Нагнувшись несколько вперед, распустив платье на произвол ветра, она, казалось, летела к хорошо знакомой усадьбе, заливаясь звонкою песней. Приблизившись к селению, она остановилась на минуту, поглядела кругом и опять бросилась вперед по дорожке к барскому дому через огороды.

Пан Адам, недавно восставший от сна, сидел на крыльце в пестром халате и сосал длинный чубук, вдруг, словно привидение, явилась перед ним знакомая, красиво одетая, улыбающаяся девушка, первые движения Азы были самые сладострастные позы испанской пляски.

— Ха, ха, ха! Пан Адам тосковал по мне, а я тосковала по нему и вот воротилась в Стависки. Видишь, опять пришла пожить с тобой, бросить тебе за пазуху горячий уголь и улететь как аист…
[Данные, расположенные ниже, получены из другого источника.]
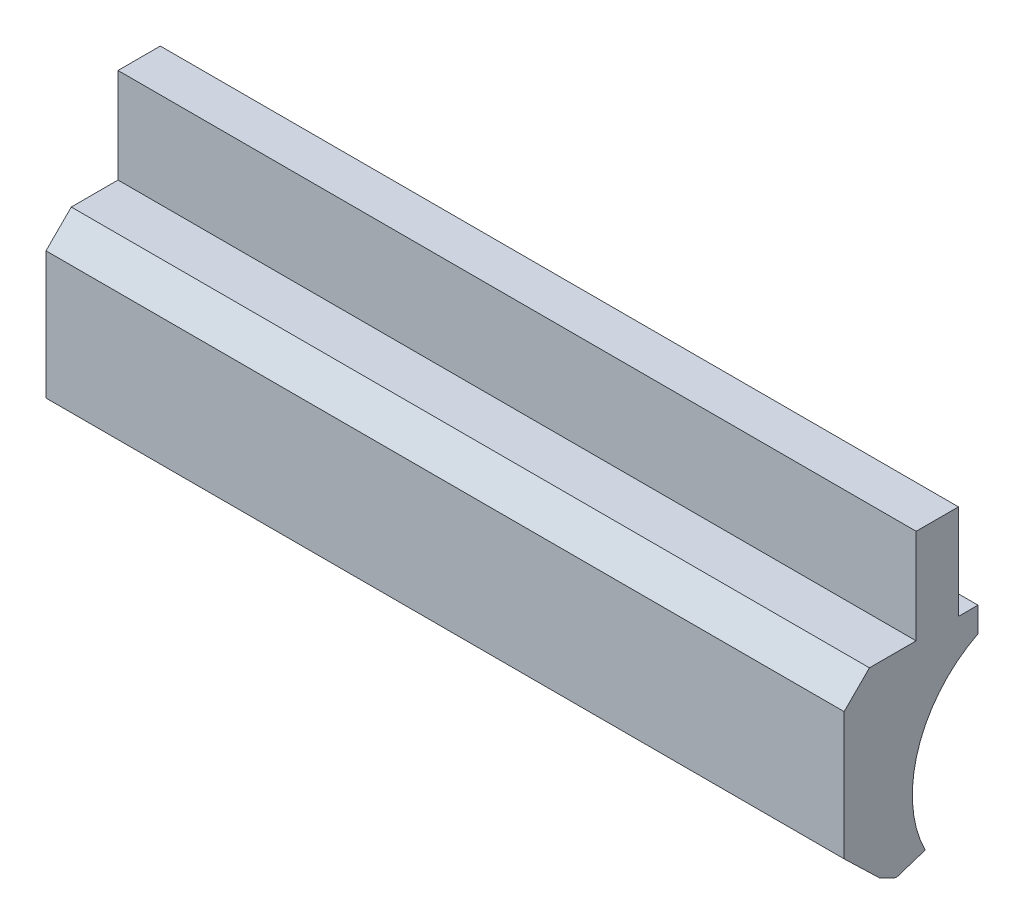
ISO-10303-21;
HEADER;
FILE_DESCRIPTION(('STEP AP214'),'2;1');
FILE_NAME('part.step','',(''),(''),'','','');
FILE_SCHEMA(('AUTOMOTIVE_DESIGN { 1 0 10303 214 1 1 1 1 }'));
ENDSEC;
DATA;
#1=APPLICATION_CONTEXT('core data for automotive mechanical design processes');
#2=APPLICATION_PROTOCOL_DEFINITION('international standard','automotive_design',2000,#1);
#3=PRODUCT_CONTEXT('',#1,'mechanical');
#4=PRODUCT('Part','Part','',(#3));
#5=PRODUCT_RELATED_PRODUCT_CATEGORY('part','',(#4));
#6=PRODUCT_DEFINITION_FORMATION('','',#4);
#7=PRODUCT_DEFINITION_CONTEXT('part definition',#1,'design');
#8=PRODUCT_DEFINITION('design','',#6,#7);
#9=PRODUCT_DEFINITION_SHAPE('','',#8);
#10=(LENGTH_UNIT() NAMED_UNIT(*) SI_UNIT(.MILLI.,.METRE.));
#11=(NAMED_UNIT(*) PLANE_ANGLE_UNIT() SI_UNIT($,.RADIAN.));
#12=(NAMED_UNIT(*) SI_UNIT($,.STERADIAN.) SOLID_ANGLE_UNIT());
#13=UNCERTAINTY_MEASURE_WITH_UNIT(LENGTH_MEASURE(1.E-05),#10,'distance_accuracy_value','');
#14=(GEOMETRIC_REPRESENTATION_CONTEXT(3) GLOBAL_UNCERTAINTY_ASSIGNED_CONTEXT((#13)) GLOBAL_UNIT_ASSIGNED_CONTEXT((#10,
#11,#12)) REPRESENTATION_CONTEXT('',''));
#15=CARTESIAN_POINT('',(0.,0.,0.));
#16=DIRECTION('',(0.,0.,1.));
#17=DIRECTION('',(1.,0.,0.));
#18=AXIS2_PLACEMENT_3D('',#15,#16,#17);
#19=CARTESIAN_POINT('',(10.,0.201549295774648,-0.181484261728899));
#20=DIRECTION('',(0.,0.,1.));
#21=DIRECTION('',(0.,-1.,0.));
#22=AXIS2_PLACEMENT_3D('',#19,#20,#21);
#23=PLANE('',#22);
#24=DIRECTION('',(0.,1.,0.));
#25=VECTOR('',#24,1.);
#26=CARTESIAN_POINT('',(0.,0.201549295774648,-0.181484261728899));
#27=LINE('',#26,#25);
#28=CARTESIAN_POINT('',(0.,-0.987434188614574,-0.1814842617289));
#29=VERTEX_POINT('',#28);
#30=CARTESIAN_POINT('',(0.,0.201549295774648,-0.181484261728899));
#31=VERTEX_POINT('',#30);
#32=EDGE_CURVE('E164',#29,#31,#27,.T.);
#33=ORIENTED_EDGE('',*,*,#32,.T.);
#34=DIRECTION('',(-1.,0.,0.));
#35=VECTOR('',#34,1.);
#36=CARTESIAN_POINT('',(10.,0.201549295774648,-0.181484261728899));
#37=LINE('',#36,#35);
#38=CARTESIAN_POINT('',(10.,0.201549295774648,-0.181484261728899));
#39=VERTEX_POINT('',#38);
#40=EDGE_CURVE('E11',#39,#31,#37,.T.);
#41=ORIENTED_EDGE('',*,*,#40,.F.);
#42=DIRECTION('',(0.,1.,0.));
#43=VECTOR('',#42,1.);
#44=CARTESIAN_POINT('',(10.,0.201549295774648,-0.181484261728899));
#45=LINE('',#44,#43);
#46=CARTESIAN_POINT('',(10.,-0.987434188614574,-0.1814842617289));
#47=VERTEX_POINT('',#46);
#48=EDGE_CURVE('E198',#47,#39,#45,.T.);
#49=ORIENTED_EDGE('',*,*,#48,.F.);
#50=DIRECTION('',(-1.,0.,0.));
#51=VECTOR('',#50,1.);
#52=CARTESIAN_POINT('',(10.,-0.987434188614574,-0.1814842617289));
#53=LINE('',#52,#51);
#54=EDGE_CURVE('E160',#47,#29,#53,.T.);
#55=ORIENTED_EDGE('',*,*,#54,.T.);
#56=EDGE_LOOP('',(#33,#41,#49,#55));
#57=FACE_BOUND('',#56,.T.);
#58=ADVANCED_FACE('F39',(#57),#23,.F.);
#59=CARTESIAN_POINT('',(10.,0.201549295774648,-0.181484261728899));
#60=DIRECTION('',(0.,-1.,0.));
#61=DIRECTION('',(0.,0.,-1.));
#62=AXIS2_PLACEMENT_3D('',#59,#60,#61);
#63=PLANE('',#62);
#64=DIRECTION('',(0.,0.,1.));
#65=VECTOR('',#64,1.);
#66=CARTESIAN_POINT('',(0.,0.201549295774648,-0.181484261728899));
#67=LINE('',#66,#65);
#68=CARTESIAN_POINT('',(0.,0.201549295774648,0.348515738271101));
#69=VERTEX_POINT('',#68);
#70=EDGE_CURVE('E168',#31,#69,#67,.T.);
#71=ORIENTED_EDGE('',*,*,#70,.T.);
#72=DIRECTION('',(-1.,0.,0.));
#73=VECTOR('',#72,1.);
#74=CARTESIAN_POINT('',(10.,0.201549295774648,0.348515738271101));
#75=LINE('',#74,#73);
#76=CARTESIAN_POINT('',(10.,0.201549295774648,0.348515738271101));
#77=VERTEX_POINT('',#76);
#78=EDGE_CURVE('E48',#77,#69,#75,.T.);
#79=ORIENTED_EDGE('',*,*,#78,.F.);
#80=DIRECTION('',(0.,0.,1.));
#81=VECTOR('',#80,1.);
#82=CARTESIAN_POINT('',(10.,0.201549295774648,-0.181484261728899));
#83=LINE('',#82,#81);
#84=EDGE_CURVE('E111',#39,#77,#83,.T.);
#85=ORIENTED_EDGE('',*,*,#84,.F.);
#86=ORIENTED_EDGE('',*,*,#40,.T.);
#87=EDGE_LOOP('',(#71,#79,#85,#86));
#88=FACE_BOUND('',#87,.T.);
#89=ADVANCED_FACE('F292',(#88),#63,.F.);
#90=CARTESIAN_POINT('',(10.,0.201549295774648,0.348515738271101));
#91=DIRECTION('',(0.,0.,-1.));
#92=DIRECTION('',(0.,1.,0.));
#93=AXIS2_PLACEMENT_3D('',#90,#91,#92);
#94=PLANE('',#93);
#95=DIRECTION('',(0.,-1.,0.));
#96=VECTOR('',#95,1.);
#97=CARTESIAN_POINT('',(0.,0.201549295774648,0.348515738271101));
#98=LINE('',#97,#96);
#99=CARTESIAN_POINT('',(0.,-0.987434188614574,0.348515738271101));
#100=VERTEX_POINT('',#99);
#101=EDGE_CURVE('E171',#69,#100,#98,.T.);
#102=ORIENTED_EDGE('',*,*,#101,.T.);
#103=DIRECTION('',(-1.,0.,0.));
#104=VECTOR('',#103,1.);
#105=CARTESIAN_POINT('',(10.,-0.987434188614574,0.348515738271101));
#106=LINE('',#105,#104);
#107=CARTESIAN_POINT('',(10.,-0.987434188614574,0.348515738271101));
#108=VERTEX_POINT('',#107);
#109=EDGE_CURVE('E225',#108,#100,#106,.T.);
#110=ORIENTED_EDGE('',*,*,#109,.F.);
#111=DIRECTION('',(0.,-1.,0.));
#112=VECTOR('',#111,1.);
#113=CARTESIAN_POINT('',(10.,0.201549295774648,0.348515738271101));
#114=LINE('',#113,#112);
#115=EDGE_CURVE('E235',#77,#108,#114,.T.);
#116=ORIENTED_EDGE('',*,*,#115,.F.);
#117=ORIENTED_EDGE('',*,*,#78,.T.);
#118=EDGE_LOOP('',(#102,#110,#116,#117));
#119=FACE_BOUND('',#118,.T.);
#120=ADVANCED_FACE('F233',(#119),#94,.F.);
#121=CARTESIAN_POINT('',(10.,-0.987434188614574,0.348515738271101));
#122=DIRECTION('',(0.,-1.,0.));
#123=DIRECTION('',(0.,0.,-1.));
#124=AXIS2_PLACEMENT_3D('',#121,#122,#123);
#125=PLANE('',#124);
#126=DIRECTION('',(0.,0.,1.));
#127=VECTOR('',#126,1.);
#128=CARTESIAN_POINT('',(0.,-0.987434188614574,0.348515738271101));
#129=LINE('',#128,#127);
#130=CARTESIAN_POINT('',(0.,-0.987434188614574,0.933817852581203));
#131=VERTEX_POINT('',#130);
#132=EDGE_CURVE('E174',#100,#131,#129,.T.);
#133=ORIENTED_EDGE('',*,*,#132,.T.);
#134=DIRECTION('',(-1.,0.,0.));
#135=VECTOR('',#134,1.);
#136=CARTESIAN_POINT('',(10.,-0.987434188614574,0.933817852581203));
#137=LINE('',#136,#135);
#138=CARTESIAN_POINT('',(10.,-0.987434188614574,0.933817852581203));
#139=VERTEX_POINT('',#138);
#140=EDGE_CURVE('E221',#139,#131,#137,.T.);
#141=ORIENTED_EDGE('',*,*,#140,.F.);
#142=DIRECTION('',(0.,0.,1.));
#143=VECTOR('',#142,1.);
#144=CARTESIAN_POINT('',(10.,-0.987434188614574,0.348515738271101));
#145=LINE('',#144,#143);
#146=EDGE_CURVE('E254',#108,#139,#145,.T.);
#147=ORIENTED_EDGE('',*,*,#146,.F.);
#148=ORIENTED_EDGE('',*,*,#109,.T.);
#149=EDGE_LOOP('',(#133,#141,#147,#148));
#150=FACE_BOUND('',#149,.T.);
#151=ADVANCED_FACE('F244',(#150),#125,.F.);
#152=CARTESIAN_POINT('',(10.,-0.987434188614574,0.933817852581203));
#153=DIRECTION('',(0.,-0.707106781186546,-0.707106781186549));
#154=DIRECTION('',(0.,0.707106781186549,-0.707106781186546));
#155=AXIS2_PLACEMENT_3D('',#152,#153,#154);
#156=PLANE('',#155);
#157=DIRECTION('',(0.,-0.707106781186549,0.707106781186546));
#158=VECTOR('',#157,1.);
#159=CARTESIAN_POINT('',(0.,-0.987434188614574,0.933817852581203));
#160=LINE('',#159,#158);
#161=CARTESIAN_POINT('',(0.,-1.30425357632331,1.25063724028994));
#162=VERTEX_POINT('',#161);
#163=EDGE_CURVE('E177',#131,#162,#160,.T.);
#164=ORIENTED_EDGE('',*,*,#163,.T.);
#165=DIRECTION('',(-1.,0.,0.));
#166=VECTOR('',#165,1.);
#167=CARTESIAN_POINT('',(10.,-1.30425357632331,1.25063724028994));
#168=LINE('',#167,#166);
#169=CARTESIAN_POINT('',(10.,-1.30425357632331,1.25063724028994));
#170=VERTEX_POINT('',#169);
#171=EDGE_CURVE('E217',#170,#162,#168,.T.);
#172=ORIENTED_EDGE('',*,*,#171,.F.);
#173=DIRECTION('',(0.,-0.707106781186549,0.707106781186546));
#174=VECTOR('',#173,1.);
#175=CARTESIAN_POINT('',(10.,-0.987434188614574,0.933817852581203));
#176=LINE('',#175,#174);
#177=EDGE_CURVE('E250',#139,#170,#176,.T.);
#178=ORIENTED_EDGE('',*,*,#177,.F.);
#179=ORIENTED_EDGE('',*,*,#140,.T.);
#180=EDGE_LOOP('',(#164,#172,#178,#179));
#181=FACE_BOUND('',#180,.T.);
#182=ADVANCED_FACE('F248',(#181),#156,.F.);
#183=CARTESIAN_POINT('',(10.,-1.30425357632331,1.25063724028994));
#184=DIRECTION('',(0.,0.,-1.));
#185=DIRECTION('',(-1.,0.,0.));
#186=AXIS2_PLACEMENT_3D('',#183,#184,#185);
#187=PLANE('',#186);
#188=DIRECTION('',(0.,-1.,0.));
#189=VECTOR('',#188,1.);
#190=CARTESIAN_POINT('',(0.,-1.30425357632331,1.25063724028994));
#191=LINE('',#190,#189);
#192=CARTESIAN_POINT('',(0.,-2.90237590784205,1.25063724028994));
#193=VERTEX_POINT('',#192);
#194=EDGE_CURVE('E180',#162,#193,#191,.T.);
#195=ORIENTED_EDGE('',*,*,#194,.T.);
#196=DIRECTION('',(-1.,0.,0.));
#197=VECTOR('',#196,1.);
#198=CARTESIAN_POINT('',(10.,-2.90237590784205,1.25063724028994));
#199=LINE('',#198,#197);
#200=CARTESIAN_POINT('',(10.,-2.90237590784205,1.25063724028994));
#201=VERTEX_POINT('',#200);
#202=EDGE_CURVE('E213',#201,#193,#199,.T.);
#203=ORIENTED_EDGE('',*,*,#202,.F.);
#204=DIRECTION('',(0.,-1.,0.));
#205=VECTOR('',#204,1.);
#206=CARTESIAN_POINT('',(10.,-1.30425357632331,1.25063724028994));
#207=LINE('',#206,#205);
#208=EDGE_CURVE('E253',#170,#201,#207,.T.);
#209=ORIENTED_EDGE('',*,*,#208,.F.);
#210=ORIENTED_EDGE('',*,*,#171,.T.);
#211=EDGE_LOOP('',(#195,#203,#209,#210));
#212=FACE_BOUND('',#211,.T.);
#213=ADVANCED_FACE('F305',(#212),#187,.F.);
#214=CARTESIAN_POINT('',(10.,-2.90237590784205,1.25063724028994));
#215=DIRECTION('',(0.,0.719339800338653,-0.694658370458996));
#216=DIRECTION('',(0.,0.694658370458996,0.719339800338653));
#217=AXIS2_PLACEMENT_3D('',#214,#215,#216);
#218=PLANE('',#217);
#219=DIRECTION('',(0.,-0.694658370458996,-0.719339800338653));
#220=VECTOR('',#219,1.);
#221=CARTESIAN_POINT('',(0.,-2.90237590784205,1.25063724028994));
#222=LINE('',#221,#220);
#223=CARTESIAN_POINT('',(0.,-3.33133600411788,0.80643605718979));
#224=VERTEX_POINT('',#223);
#225=EDGE_CURVE('E183',#193,#224,#222,.T.);
#226=ORIENTED_EDGE('',*,*,#225,.T.);
#227=DIRECTION('',(-1.,0.,0.));
#228=VECTOR('',#227,1.);
#229=CARTESIAN_POINT('',(10.,-3.33133600411788,0.80643605718979));
#230=LINE('',#229,#228);
#231=CARTESIAN_POINT('',(10.,-3.33133600411788,0.80643605718979));
#232=VERTEX_POINT('',#231);
#233=EDGE_CURVE('E209',#232,#224,#230,.T.);
#234=ORIENTED_EDGE('',*,*,#233,.F.);
#235=DIRECTION('',(0.,-0.694658370458996,-0.719339800338653));
#236=VECTOR('',#235,1.);
#237=CARTESIAN_POINT('',(10.,-2.90237590784205,1.25063724028994));
#238=LINE('',#237,#236);
#239=EDGE_CURVE('E258',#201,#232,#238,.T.);
#240=ORIENTED_EDGE('',*,*,#239,.F.);
#241=ORIENTED_EDGE('',*,*,#202,.T.);
#242=EDGE_LOOP('',(#226,#234,#240,#241));
#243=FACE_BOUND('',#242,.T.);
#244=ADVANCED_FACE('F308',(#243),#218,.F.);
#245=CARTESIAN_POINT('',(10.,-3.33133600411788,0.80643605718979));
#246=DIRECTION('',(0.,0.898794046299162,-0.438371146789088));
#247=DIRECTION('',(0.,0.438371146789088,0.898794046299162));
#248=AXIS2_PLACEMENT_3D('',#245,#246,#247);
#249=PLANE('',#248);
#250=DIRECTION('',(0.,-0.438371146789088,-0.898794046299162));
#251=VECTOR('',#250,1.);
#252=CARTESIAN_POINT('',(0.,-3.33133600411788,0.80643605718979));
#253=LINE('',#252,#251);
#254=CARTESIAN_POINT('',(0.,-3.43262926089275,0.598754103698204));
#255=VERTEX_POINT('',#254);
#256=EDGE_CURVE('E186',#224,#255,#253,.T.);
#257=ORIENTED_EDGE('',*,*,#256,.T.);
#258=DIRECTION('',(-1.,0.,0.));
#259=VECTOR('',#258,1.);
#260=CARTESIAN_POINT('',(10.,-3.43262926089275,0.598754103698204));
#261=LINE('',#260,#259);
#262=CARTESIAN_POINT('',(10.,-3.43262926089275,0.598754103698204));
#263=VERTEX_POINT('',#262);
#264=EDGE_CURVE('E205',#263,#255,#261,.T.);
#265=ORIENTED_EDGE('',*,*,#264,.F.);
#266=DIRECTION('',(0.,-0.438371146789088,-0.898794046299162));
#267=VECTOR('',#266,1.);
#268=CARTESIAN_POINT('',(10.,-3.33133600411788,0.80643605718979));
#269=LINE('',#268,#267);
#270=EDGE_CURVE('E265',#232,#263,#269,.T.);
#271=ORIENTED_EDGE('',*,*,#270,.F.);
#272=ORIENTED_EDGE('',*,*,#233,.T.);
#273=EDGE_LOOP('',(#257,#265,#271,#272));
#274=FACE_BOUND('',#273,.T.);
#275=ADVANCED_FACE('F273',(#274),#249,.F.);
#276=CARTESIAN_POINT('',(10.,-3.43262926089275,0.598754103698204));
#277=DIRECTION('',(0.,0.951056516295156,0.30901699437494));
#278=DIRECTION('',(0.,-0.30901699437494,0.951056516295156));
#279=AXIS2_PLACEMENT_3D('',#276,#277,#278);
#280=PLANE('',#279);
#281=DIRECTION('',(0.,0.30901699437494,-0.951056516295156));
#282=VECTOR('',#281,1.);
#283=CARTESIAN_POINT('',(0.,-3.43262926089275,0.598754103698204));
#284=LINE('',#283,#282);
#285=CARTESIAN_POINT('',(0.,-3.31439465509223,0.234865403901531));
#286=VERTEX_POINT('',#285);
#287=EDGE_CURVE('E189',#255,#286,#284,.T.);
#288=ORIENTED_EDGE('',*,*,#287,.T.);
#289=DIRECTION('',(-1.,0.,0.));
#290=VECTOR('',#289,1.);
#291=CARTESIAN_POINT('',(10.,-3.31439465509223,0.234865403901531));
#292=LINE('',#291,#290);
#293=CARTESIAN_POINT('',(10.,-3.31439465509223,0.234865403901531));
#294=VERTEX_POINT('',#293);
#295=EDGE_CURVE('E153',#294,#286,#292,.T.);
#296=ORIENTED_EDGE('',*,*,#295,.F.);
#297=DIRECTION('',(0.,0.30901699437494,-0.951056516295156));
#298=VECTOR('',#297,1.);
#299=CARTESIAN_POINT('',(10.,-3.43262926089275,0.598754103698204));
#300=LINE('',#299,#298);
#301=EDGE_CURVE('E142',#263,#294,#300,.T.);
#302=ORIENTED_EDGE('',*,*,#301,.F.);
#303=ORIENTED_EDGE('',*,*,#264,.T.);
#304=EDGE_LOOP('',(#288,#296,#302,#303));
#305=FACE_BOUND('',#304,.T.);
#306=ADVANCED_FACE('F277',(#305),#280,.F.);
#307=CARTESIAN_POINT('',(10.,-2.63724525857334,-1.10359217659682));
#308=DIRECTION('',(-1.,0.,0.));
#309=DIRECTION('',(0.,0.,1.));
#310=AXIS2_PLACEMENT_3D('',#307,#308,#309);
#311=CYLINDRICAL_SURFACE('',#310,1.4999999999998);
#312=CARTESIAN_POINT('',(0.,-2.63724525857334,-1.10359217659682));
#313=DIRECTION('',(-1.,0.,0.));
#314=DIRECTION('',(0.,0.,1.));
#315=AXIS2_PLACEMENT_3D('',#312,#313,#314);
#316=CIRCLE('',#315,1.4999999999998);
#317=CARTESIAN_POINT('',(0.,-1.29878767807496,-0.426442780077976));
#318=VERTEX_POINT('',#317);
#319=EDGE_CURVE('E151',#286,#318,#316,.T.);
#320=ORIENTED_EDGE('',*,*,#319,.T.);
#321=DIRECTION('',(-1.,0.,0.));
#322=VECTOR('',#321,1.);
#323=CARTESIAN_POINT('',(10.,-1.29878767807496,-0.426442780077976));
#324=LINE('',#323,#322);
#325=CARTESIAN_POINT('',(10.,-1.29878767807496,-0.426442780077976));
#326=VERTEX_POINT('',#325);
#327=EDGE_CURVE('E148',#326,#318,#324,.T.);
#328=ORIENTED_EDGE('',*,*,#327,.F.);
#329=CARTESIAN_POINT('',(10.,-2.63724525857334,-1.10359217659682));
#330=DIRECTION('',(-1.,0.,0.));
#331=DIRECTION('',(0.,0.,1.));
#332=AXIS2_PLACEMENT_3D('',#329,#330,#331);
#333=CIRCLE('',#332,1.4999999999998);
#334=EDGE_CURVE('E136',#294,#326,#333,.T.);
#335=ORIENTED_EDGE('',*,*,#334,.F.);
#336=ORIENTED_EDGE('',*,*,#295,.T.);
#337=EDGE_LOOP('',(#320,#328,#335,#336));
#338=FACE_BOUND('',#337,.T.);
#339=ADVANCED_FACE('F149',(#338),#311,.F.);
#340=CARTESIAN_POINT('',(10.,-1.29878767807496,-0.426442780077977));
#341=DIRECTION('',(0.,0.,1.));
#342=DIRECTION('',(1.,0.,0.));
#343=AXIS2_PLACEMENT_3D('',#340,#341,#342);
#344=PLANE('',#343);
#345=DIRECTION('',(0.,1.,0.));
#346=VECTOR('',#345,1.);
#347=CARTESIAN_POINT('',(0.,-1.29878767807496,-0.426442780077977));
#348=LINE('',#347,#346);
#349=CARTESIAN_POINT('',(0.,-0.987434188614574,-0.426442780077977));
#350=VERTEX_POINT('',#349);
#351=EDGE_CURVE('E97',#318,#350,#348,.T.);
#352=ORIENTED_EDGE('',*,*,#351,.T.);
#353=DIRECTION('',(-1.,0.,0.));
#354=VECTOR('',#353,1.);
#355=CARTESIAN_POINT('',(10.,-0.987434188614574,-0.426442780077977));
#356=LINE('',#355,#354);
#357=CARTESIAN_POINT('',(10.,-0.987434188614574,-0.426442780077977));
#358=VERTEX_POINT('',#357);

Безжизненное лицо молодого вдовца мгновенно изменилось при виде страстной цыганки, глаза заблистали, уста искривились улыбкой. Наконец он вскочил с места и бросился к Азе.

— А! Это ты? Возможно ли?

— Я! Я! — крикнула Аза, бросаясь ему на шею и бешено сжимая его в своих объятиях. — Ты не забыл меня, нет?

— Откуда ты?

— Упала с неба, ветер принес… Сгрустнулось что-то, пожалела тебя — и опять пришла.

— И ты будешь моей? — воскликнул пан в увлечении.

— Нет, — оттолкнув его, отвечала Аза, — ты будешь моим, а я ничьей не буду. Я свободна!

Она гордо выпрямилась и еще раз повторила свое отрицание.

Не знаю, как назвать отношение пана к Азе: любовью, страстью или капризом? Достоверно, что он нуждался в ней, она была для него развлечением, при ней он чувствовал, что еще живет. Цыганка жгла его глазами, словами, объятиями, обещаниями, насмешками, он страдал, но чувствовал, что в нем есть еще искра жизни. Другой на месте его или заставил бы жестокую девчонку перемениться, или выгнал бы из дому, но он с удовольствием подчинился ей, не в силах будучи ни расстаться с ней, ни остановить ее безжалостных проказ. Он проклинал и в то же время любил ее. Аза превосходно знала свое положение и старалась как можно более извлечь из него пользы. После долгих странствований и бедственной цыганской жизни ей любы были изобилие и роскошь панского дома. Иногда ей казалось, что попусту истрачивается огонь, пылающий в груди, и темная дума омрачала светлое чело ее, и улыбка замирала на устах: по целым часам сидела она неподвижно в мягких креслах, полусонная, полумертвая, а иногда вскакивала с места, радостная, ясная, как ясный день, и начинала свою дикую страстную пляску.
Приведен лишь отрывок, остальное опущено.